Because I'm with a relationship with so many cars, I am obliged to take care of so many cars. Meaning if any of them have any sort of defects, it's money out of my pocket.

But it's quite hard to describe a male's love of cars. Cars can be quite annoying most of the time (espicially if they're unreliable), but it's like a five year-old baby. It's quite annoying, but if anybody tried to take it away from you, you'd kill the individual. So that's that.

Therefore, I'd much rather go out with cars than with real people. Real people can give out STDs and reproduce. You wont need any type of rubber-like protection when you're with a car. Ultimately, you sit in a car, and press pedals, and move the giant circle in front of your hands to operate. With humans, it's quite complicated. Males have this long stick to play with. Girls have effectively three holes for the male to shove his stick into. Why so many choices? Can't we keep things simple? With cars, you have one pedal to accelerate, and one pedal to brake. It's so easy to label. With females, it's kind of asking yourself, "what happens when I shove my stick into this hole?"

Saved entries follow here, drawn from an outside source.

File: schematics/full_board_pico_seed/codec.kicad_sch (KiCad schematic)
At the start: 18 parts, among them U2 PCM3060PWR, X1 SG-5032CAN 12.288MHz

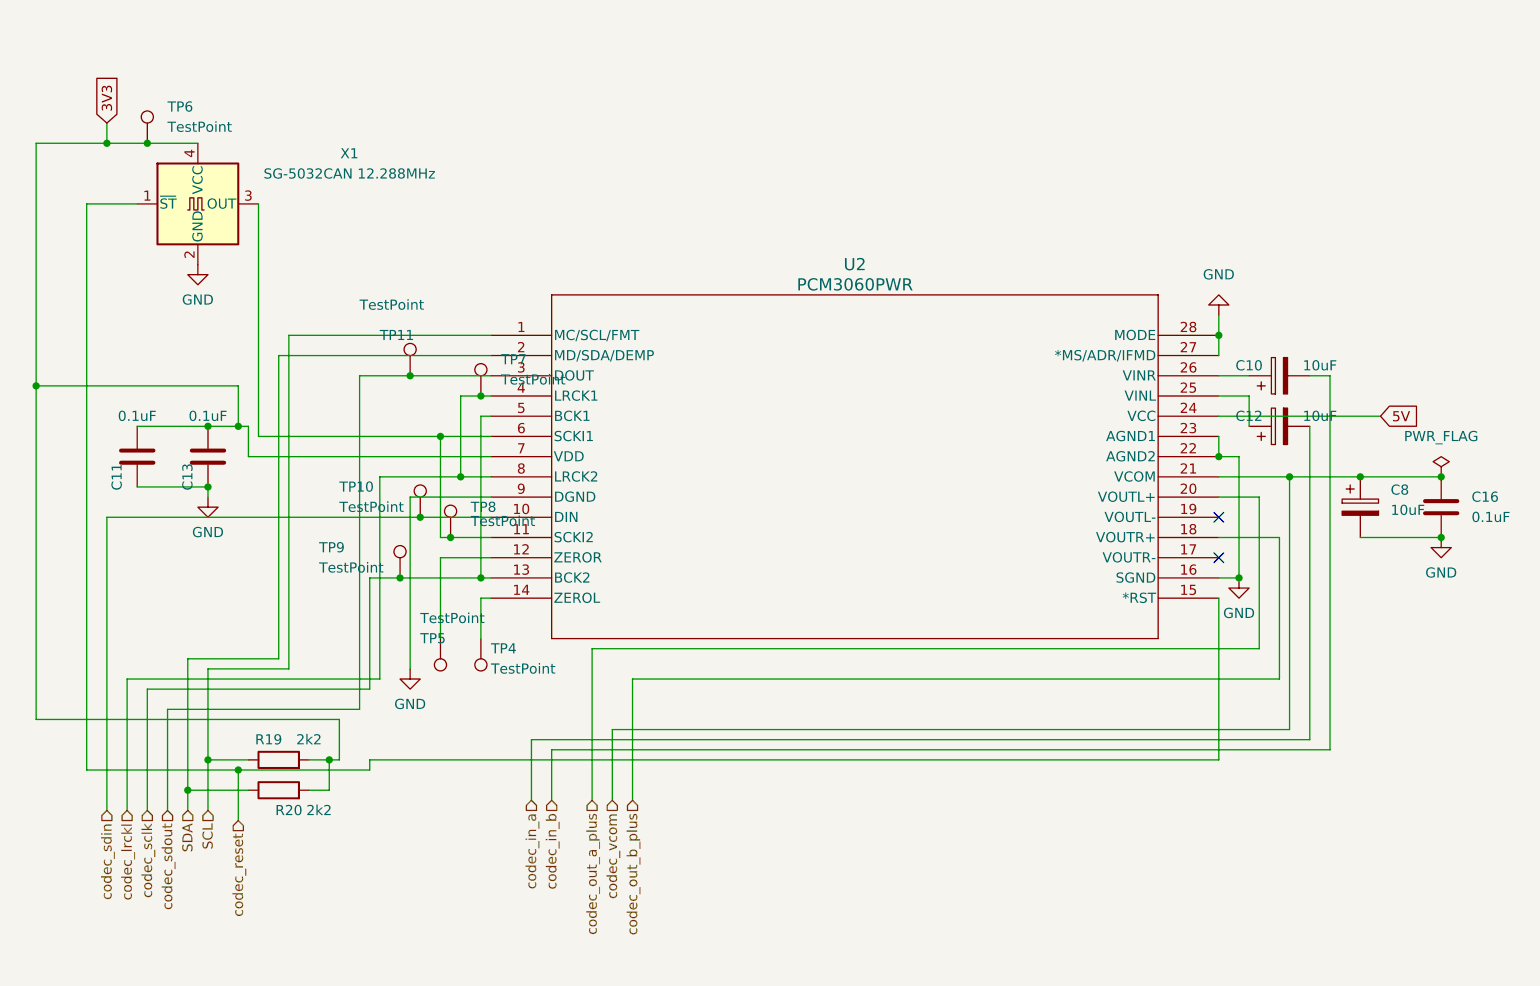
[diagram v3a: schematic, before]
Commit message: exchanged incorrect pcm3060 symbol, cleaned symbol table
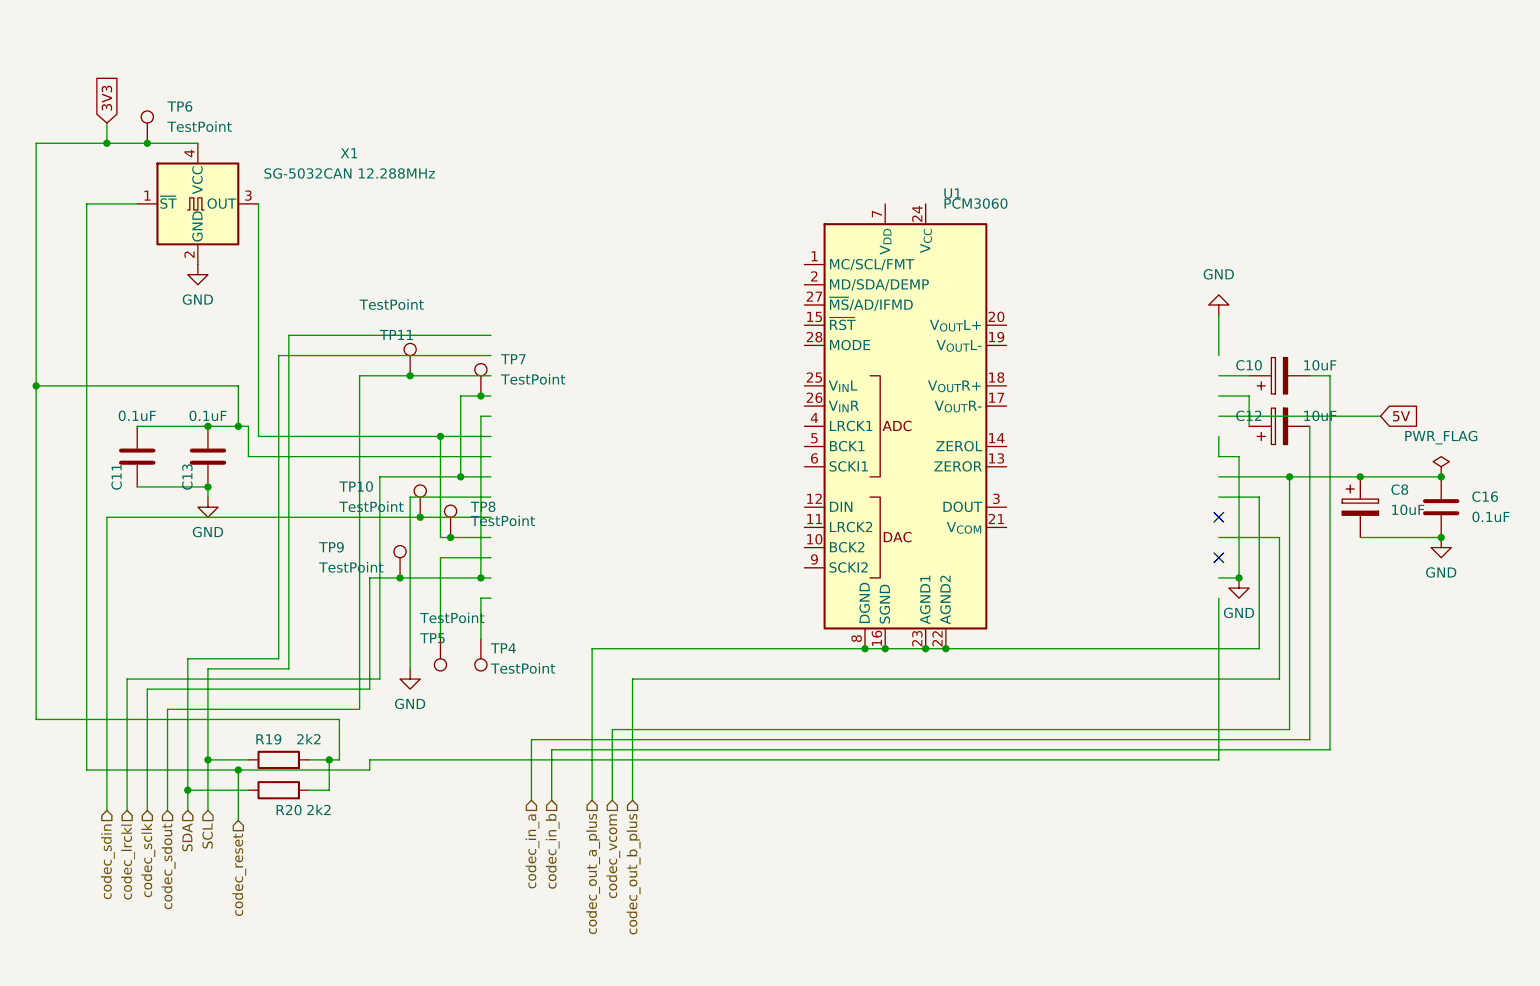
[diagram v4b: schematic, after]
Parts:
- removed U2: PCM3060PWR, Package_SO:TSSOP-28_4.4x9.7mm_P0.65mm, symbol pcm3060:PCM3060PWR
- added U1: PCM3060, Package_SO:TSSOP-28_4.4x9.7mm_P0.65mm, symbol Audio:PCM3060
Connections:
- net codec_out_a_plus: now also U1.16 (SGND), U1.22 (AGND2), U1.23 (AGND1), U1.8 (DGND)
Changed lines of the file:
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@@
+	)
+	(junction
+		(at 184.15 102.87)
+		(diameter 0)
+		(color 0 0 0 0)
 	)
 	(junction
@@
 	)
 	(junction
+		(at 189.23 102.87)
+		(diameter 0)
+		(color 0 0 0 0)
+	)
+	(junction
+		(at 191.77 102.87)
+		(diameter 0)
+		(color 0 0 0 0)
+	)
+	(junction
 		(at 96.52 120.65)
 		(diameter 0)
@@
 	)
 	(junction
-		(at 226.06 78.74)
-		(diameter 0)
-		(color 0 0 0 0)
-	)
-	(junction
 		(at 114.3 116.84)
 		(diameter 0)
@@
 	)
 	(junction
-		(at 226.06 63.5)
-		(diameter 0)
-		(color 0 0 0 0)
-	)
-	(junction
 		(at 77.47 69.85)
 		(diameter 0)
@@
 	(junction
 		(at 243.84 81.28)
+		(diameter 0)
+		(color 0 0 0 0)
+	)
+	(junction
+		(at 181.61 102.87)
 		(diameter 0)
 		(color 0 0 0 0)
@@
 	(wire
 		(pts
-			(xy 226.06 63.5) (xy 226.06 66.04)
+			(xy 226.06 60.96) (xy 226.06 66.04)
 		)
 		(stroke
@@
 	(wire
 		(pts
+			(xy 184.15 102.87) (xy 189.23 102.87)
+		)
+		(stroke
+			(width 0)
+			(type default)
+		)
+	)
+	(wire
+		(pts
 			(xy 134.62 91.44) (xy 128.27 91.44)
 		)
@@
 	(wire
 		(pts
+			(xy 181.61 102.87) (xy 184.15 102.87)
+		)
+		(stroke
+			(width 0)
+			(type default)
+		)
+	)
+	(wire
+		(pts
 			(xy 119.38 118.11) (xy 102.87 118.11)
 		)
@@
 	(wire
 		(pts
-			(xy 226.06 60.96) (xy 226.06 63.5)
-		)
-		(stroke
-			(width 0)
-			(type default)
-		)
-	)
-	(wire
-		(pts
 			(xy 96.52 120.65) (xy 104.14 120.65)
 		)
@@
 	(wire
 		(pts
+			(xy 191.77 102.87) (xy 231.14 102.87)
+		)
+		(stroke
+			(width 0)
+			(type default)
+		)
+	)
+	(wire
+		(pts
 			(xy 97.79 39.37) (xy 91.44 39.37)
 		)
@@
 	(wire
 		(pts
+			(xy 189.23 102.87) (xy 191.77 102.87)
+		)
+		(stroke
+			(width 0)
+			(type default)
+		)
+	)
+	(wire
+		(pts
 			(xy 128.27 76.2) (xy 134.62 76.2)
 		)
@@
 	(wire
 		(pts
-			(xy 147.32 102.87) (xy 231.14 102.87)
+			(xy 147.32 102.87) (xy 181.61 102.87)
 		)
 		(stroke
@@
 	)
 	(symbol
+		(lib_id "Audio:PCM3060")
+		(at 186.69 74.93 0)
+		(unit 1)
+		(exclude_from_sim no)
+		(in_bom yes)
+		(on_board yes)
+		(dnp no)
+		(fields_autoplaced yes)
+		(property "Reference" "U1"
+			(at 191.4241 45.72 0)
+			(effects
+				(font
+					(size 1.27 1.27)
+				)
+				(justify left)
+			)
+		)
+		(property "Value" "PCM3060"
+			(at 191.4241 46.99 0)
+			(effects
+				(font
+					(size 1.27 1.27)
+				)
+				(justify left)
+			)
+		)
+		(property "Footprint" "Package_SO:TSSOP-28_4.4x9.7mm_P0.65mm"
+			(at 186.69 117.348 0)
+			(effects
+				(font
+					(size 1.27 1.27)
+				)
+				(hide yes)
+			)
+		)
+		(property "Datasheet" "https://www.ti.com/lit/gpn/pcm3060"
+			(at 186.69 114.554 0)
+			(effects
+				(font
+					(size 1.27 1.27)
+				)
+				(hide yes)
+			)
+		)
+		(property "Description" "24-bit Asynchronous Stereo Audio Codec with 96/192kHz sampling rate, TSSOP-28"
+			(at 185.674 119.888 0)
+			(effects
+				(font
+					(size 1.27 1.27)
+				)
+				(hide yes)
+			)
+		)
+		(pin "22"
+		)
+		(pin "5"
+		)
+		(pin "1"
+		)
+		(pin "12"
+		)
+		(pin "10"
+		)
+		(pin "21"
+		)
+		(pin "15"
+		)
+		(pin "13"
+		)
+		(pin "14"
+		)
+		(pin "26"
+		)
+		(pin "23"
+		)
+		(pin "27"
+		)
+		(pin "28"
+		)
+		(pin "11"
+		)
+		(pin "4"
+		)
+		(pin "16"
+		)
+		(pin "19"
+		)
+		(pin "7"
+		)
+		(pin "8"
+		)
+		(pin "6"
+		)
+		(pin "24"
+		)
+		(pin "17"
+		)
+		(pin "3"
+		)
+		(pin "20"
+		)
+		(pin "9"
+		)
+		(pin "2"
+		)
+		(pin "25"
+		)
+		(pin "18"
+		)
+		(instances
+			(project ""
+				(path "/e63e39d7-6ac0-4ffd-8aa3-1841a4541b55/6ec17984-49ce-45c2-b1f4-ed6e904b8c80"
+					(reference "U1")
+					(unit 1)
+				)
+			)
+		)
+	)
+	(symbol
 		(lib_id "power:GND")
 		(at 97.79 54.61 0)
@@
 					(unit 1)
 				)
-			)
-		)
-	)
-	(symbol
-		(lib_id "pcm3060:PCM3060PWR")
-		(at 134.62 63.5 0)
-		(unit 1)
-		(exclude_from_sim no)
-		(in_bom yes)
-		(on_board yes)
-		(dnp no)
-		(fields_autoplaced yes)
-		(property "Reference" "U2"
-			(at 180.34 54.61 0)
-			(effects
-				(font
-					(size 1.524 1.524)
-				)
-			)
-		)
-		(property "Value" "PCM3060PWR"
-			(at 180.34 57.15 0)
-			(effects
-				(font
-					(size 1.524 1.524)
-				)
-			)
-		)
-		(property "Footprint" "Package_SO:TSSOP-28_4.4x9.7mm_P0.65mm"
-			(at 134.62 63.5 0)
-			(effects
-				(font
-					(size 1.27 1.27)
-					(italic yes)
-				)
-				(hide yes)
-			)
-		)
-		(property "Datasheet" "PCM3060PWR"
-			(at 134.62 63.5 0)
-			(effects
-				(font
-					(size 1.27 1.27)
-					(italic yes)
-				)
-				(hide yes)
-			)
-		)
-		(property "Description" ""
-			(at 134.62 63.5 0)
-			(effects
-				(font
-					(size 1.27 1.27)
-				)
-				(hide yes)
-			)
-		)
-		(pin "19"
-		)
-		(pin "27"
-		)
-		(pin "3"
-		)
-		(pin "4"
-		)
-		(pin "10"
-		)
-		(pin "1"
-		)
-		(pin "6"
-		)
-		(pin "8"
-		)
-		(pin "25"
-		)
-		(pin "18"
-		)
-		(pin "5"
-		)
-		(pin "11"
-		)
-		(pin "9"
-		)
-		(pin "21"
-		)
-		(pin "23"
-		)
-		(pin "20"
-		)
-		(pin "14"
-		)
-		(pin "15"
-		)
-		(pin "22"
-		)
-		(pin "26"
-		)
-		(pin "2"
-		)
-		(pin "28"
-		)
-		(pin "13"
-		)
-		(pin "24"
-		)
-		(pin "17"
-		)
-		(pin "7"
-		)
-		(pin "16"
-		)
-		(pin "12"
-		)
-		(instances
-			(project "full_board_pico_seed"
-				(path "/e63e39d7-6ac0-4ffd-8aa3-1841a4541b55/6ec17984-49ce-45c2-b1f4-ed6e904b8c80"
-					(reference "U2")
-					(unit 1)
-				)

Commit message: corrected schematic regarding pcm3060
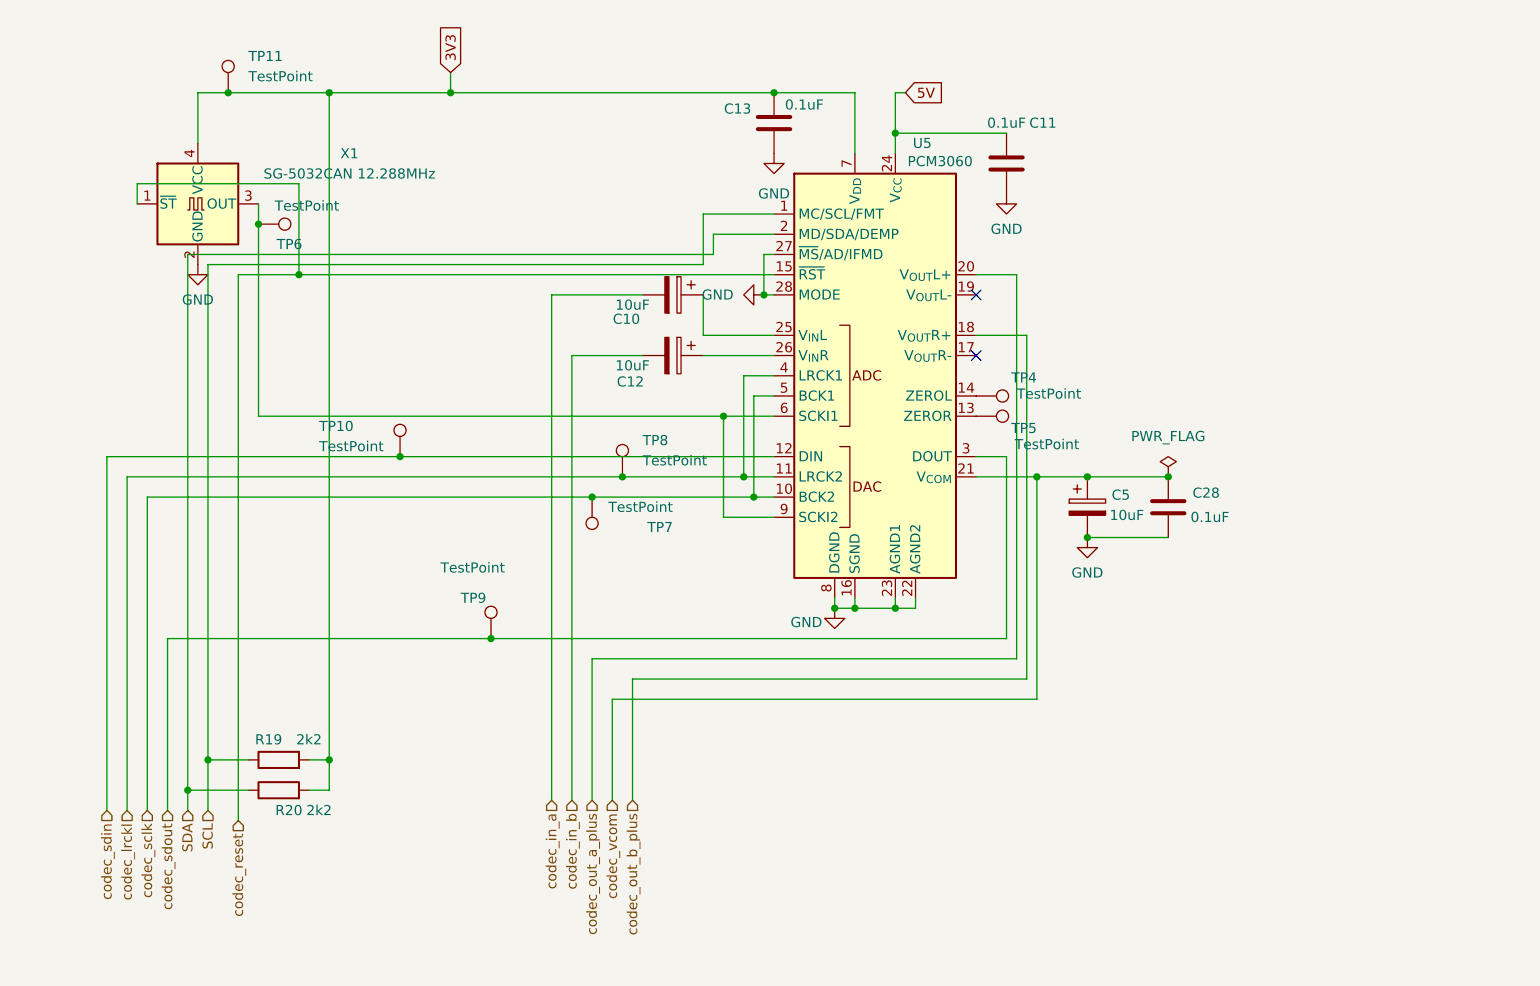
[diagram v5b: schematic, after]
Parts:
- renumbered C16 to C28, C8 to C5, TP6 to TP11, TP8 to TP6, TP9 to TP7, TP7 to TP8, TP11 to TP9, U1 to U5
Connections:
- net 3V3: now also U5.7 (V_{DD}); no longer C11.1
- net 5V: now also C11.1, U5.24 (V_{CC})
- net GND: now also U5.16 (SGND), U5.22 (AGND2), U5.23 (AGND1), U5.27 (~{MS}/AD/IFMD), U5.28 (MODE), U5.8 (DGND)
- net SCL: now also U5.1 (MC/SCL/FMT)
- net SDA: now also U5.2 (MD/SDA/DEMP)
- net codec_in_a: now also C10.2; no longer C12.2
- net codec_in_b: now also C12.2; no longer C10.2
- net codec_lrckl: now also U5.11 (LRCK2), U5.4 (LRCK1)
- net codec_out_a_plus: now also U5.20 (V_{OUT}L+); no longer U5.16 (SGND), U5.22 (AGND2), U5.23 (AGND1), U5.8 (DGND)
- net codec_out_b_plus: now also U5.18 (V_{OUT}R+)
- net codec_reset: now also U5.15 (~{RST})
- net codec_sclk: now also U5.10 (BCK2), U5.5 (BCK1)
- net codec_sdin: now also U5.12 (DIN)
- net codec_sdout: now also U5.3 (DOUT)
- net codec_vcom: now also U5.21 (V_{COM})
- net at U5.13 (ZEROR): now also TP5.1
- net at U5.14 (ZEROL): now also TP4.1
- net at U5.25 (V_{IN}L): now also C10.1
- net at U5.26 (V_{IN}R): now also C12.1
- net at U5.6 (SCKI1): now also TP6.1, U5.9 (SCKI2), X1.3 (OUT)
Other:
- moved on the sheet: C10, C11, C12, C13, C28, C5, TP10, TP11, TP4, TP5, TP6, TP7

Having a relationship with cars is better than that of having a relationship with humans. If Facebook allows me, I would say that I am "in a relationship with 2003 Toyota Celica." Cars wont cheat on you, cars wont leave your side, all cars do is suck up money (like prostitutes.)

There we go. I do hope this answers your question, Mr.______. Cars, much easier to handle. Stick with the technology that we have. In fact, there seems to be female robots in Japan, if that interests you.